▸ **Activity**: Wherever the string "normal" appears in the entries below, return the line that holds it.

▸ **Excerpts from a dataset**:
*** Block opens ***

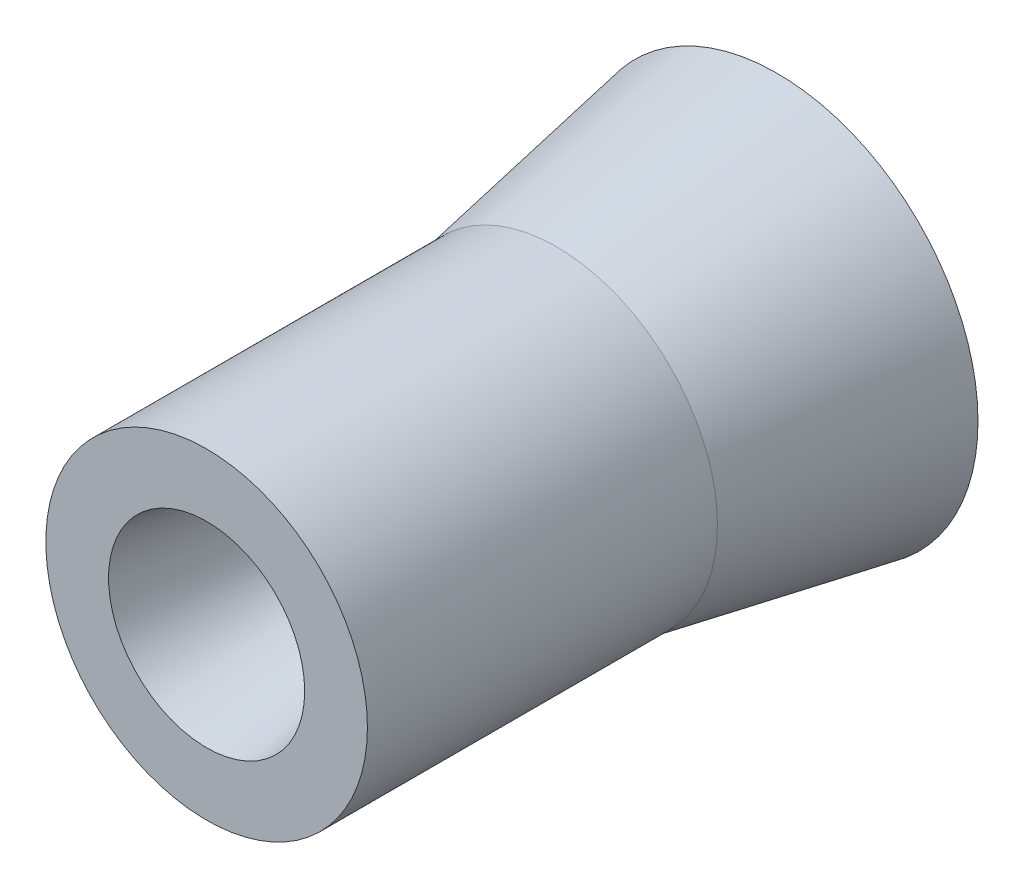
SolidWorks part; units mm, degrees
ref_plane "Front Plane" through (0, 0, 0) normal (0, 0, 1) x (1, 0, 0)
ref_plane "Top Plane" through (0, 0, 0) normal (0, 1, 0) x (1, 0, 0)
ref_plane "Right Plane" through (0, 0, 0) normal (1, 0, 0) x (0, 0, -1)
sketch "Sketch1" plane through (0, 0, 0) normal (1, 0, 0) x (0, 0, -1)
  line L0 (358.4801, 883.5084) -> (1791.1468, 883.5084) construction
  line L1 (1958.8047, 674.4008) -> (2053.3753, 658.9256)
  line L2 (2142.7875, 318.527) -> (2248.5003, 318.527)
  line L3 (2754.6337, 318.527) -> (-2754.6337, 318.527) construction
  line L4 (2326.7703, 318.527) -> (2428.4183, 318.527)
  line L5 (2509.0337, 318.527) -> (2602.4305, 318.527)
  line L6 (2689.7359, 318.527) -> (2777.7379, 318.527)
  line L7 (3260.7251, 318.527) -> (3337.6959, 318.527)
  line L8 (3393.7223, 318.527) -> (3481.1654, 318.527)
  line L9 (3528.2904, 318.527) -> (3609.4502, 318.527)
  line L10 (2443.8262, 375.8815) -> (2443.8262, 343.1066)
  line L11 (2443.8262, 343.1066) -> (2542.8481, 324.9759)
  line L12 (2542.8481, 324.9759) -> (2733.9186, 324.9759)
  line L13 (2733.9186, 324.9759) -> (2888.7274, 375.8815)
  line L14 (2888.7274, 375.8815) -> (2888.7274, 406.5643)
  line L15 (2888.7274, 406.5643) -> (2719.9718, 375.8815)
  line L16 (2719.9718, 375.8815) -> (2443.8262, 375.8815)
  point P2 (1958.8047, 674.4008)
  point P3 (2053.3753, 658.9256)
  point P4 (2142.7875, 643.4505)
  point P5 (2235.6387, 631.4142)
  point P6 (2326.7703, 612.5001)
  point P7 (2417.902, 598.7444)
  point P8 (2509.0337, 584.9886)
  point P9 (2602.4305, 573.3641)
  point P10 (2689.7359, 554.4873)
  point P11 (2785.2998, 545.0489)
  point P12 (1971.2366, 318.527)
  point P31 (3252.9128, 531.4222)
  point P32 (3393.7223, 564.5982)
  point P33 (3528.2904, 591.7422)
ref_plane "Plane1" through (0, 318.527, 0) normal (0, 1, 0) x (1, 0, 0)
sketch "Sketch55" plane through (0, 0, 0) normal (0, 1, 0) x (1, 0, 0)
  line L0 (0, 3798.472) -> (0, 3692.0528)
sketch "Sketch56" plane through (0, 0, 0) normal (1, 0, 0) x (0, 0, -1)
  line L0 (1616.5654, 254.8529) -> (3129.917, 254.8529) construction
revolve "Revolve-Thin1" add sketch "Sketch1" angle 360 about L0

*** Block closes ***

▸ **Exercise output**:
ref_plane "Front Plane" through (0, 0, 0) normal (0, 0, 1) x (1, 0, 0)
ref_plane "Top Plane" through (0, 0, 0) normal (0, 1, 0) x (1, 0, 0)
ref_plane "Right Plane" through (0, 0, 0) normal (1, 0, 0) x (0, 0, -1)
sketch "Sketch1" plane through (0, 0, 0) normal (1, 0, 0) x (0, 0, -1)
ref_plane "Plane1" through (0, 318.527, 0) normal (0, 1, 0) x (1, 0, 0)
sketch "Sketch55" plane through (0, 0, 0) normal (0, 1, 0) x (1, 0, 0)
sketch "Sketch56" plane through (0, 0, 0) normal (1, 0, 0) x (0, 0, -1)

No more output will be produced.